TASK DETAILS
Nothing after the line with "FILE_SCHEMA (( 'CONFIG_CONTROL_DESIGN' ));" belongs in the copy; extract the lines below from the top through that line, pictures left out.

*** Opening TASK INPUT ***

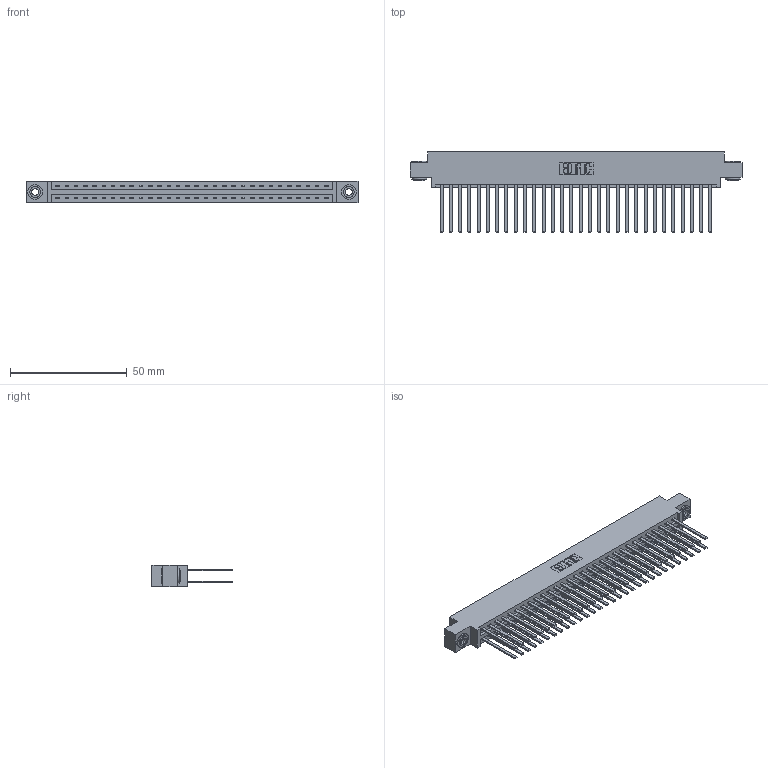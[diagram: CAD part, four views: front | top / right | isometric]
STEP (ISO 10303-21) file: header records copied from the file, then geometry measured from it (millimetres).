
FILE_DESCRIPTION (( 'STEP AP203' ), '1' );
FILE_NAME ('387-060-544-803.STEP', '2019-10-19T13:52:39', ( '' ), ( '' ), 'SwSTEP 2.0', 'SolidWorks 2016', '' );
FILE_SCHEMA (( 'CONFIG_CONTROL_DESIGN' ));
Length unit declared in the file: inch
Products named in the file (4): 337 Part_0.170 Offset - 0.156 Dia-TH; 387-060-544-803; 345-292-001_345-293-144; 345-250-002_345-250-002-102
Assembly tree (63 placements, depth 2):
  387-060-544-803
    337 Part_0.170 Offset - 0.156 Dia-TH
    345-292-001_345-293-144  x60
    345-250-002_345-250-002-102  x2
Bounding box: 141.88 x 34.3 x 9.4 mm (x, y, z)
Volume: 15536.1 mm3; surface area: 20526.9 mm2
Topology: 63 solids, 63 shells, 3036 faces, 8979 edges, 5902 vertices
Faces by surface type: plane 2124, cylinder 904, cone 8
Entity records: 25410 total; most frequent: CARTESIAN_POINT 4265, ORIENTED_EDGE 4194, DIRECTION 3679, EDGE_CURVE 2097, VECTOR 1949, LINE 1949, VERTEX_POINT 1394, AXIS2_PLACEMENT_3D 865

*** Closing TASK INPUT ***

EXERCISE SOLUTION
[diagram: CAD part, four views: front | top / right | isometric]
STEP (ISO 10303-21) file: header records copied from the file, then geometry measured from it (millimetres).
FILE_DESCRIPTION (( 'STEP AP203' ), '1' );
FILE_NAME ('387-060-544-803.STEP', '2019-10-19T13:52:39', ( '' ), ( '' ), 'SwSTEP 2.0', 'SolidWorks 2016', '' );
FILE_SCHEMA (( 'CONFIG_CONTROL_DESIGN' ));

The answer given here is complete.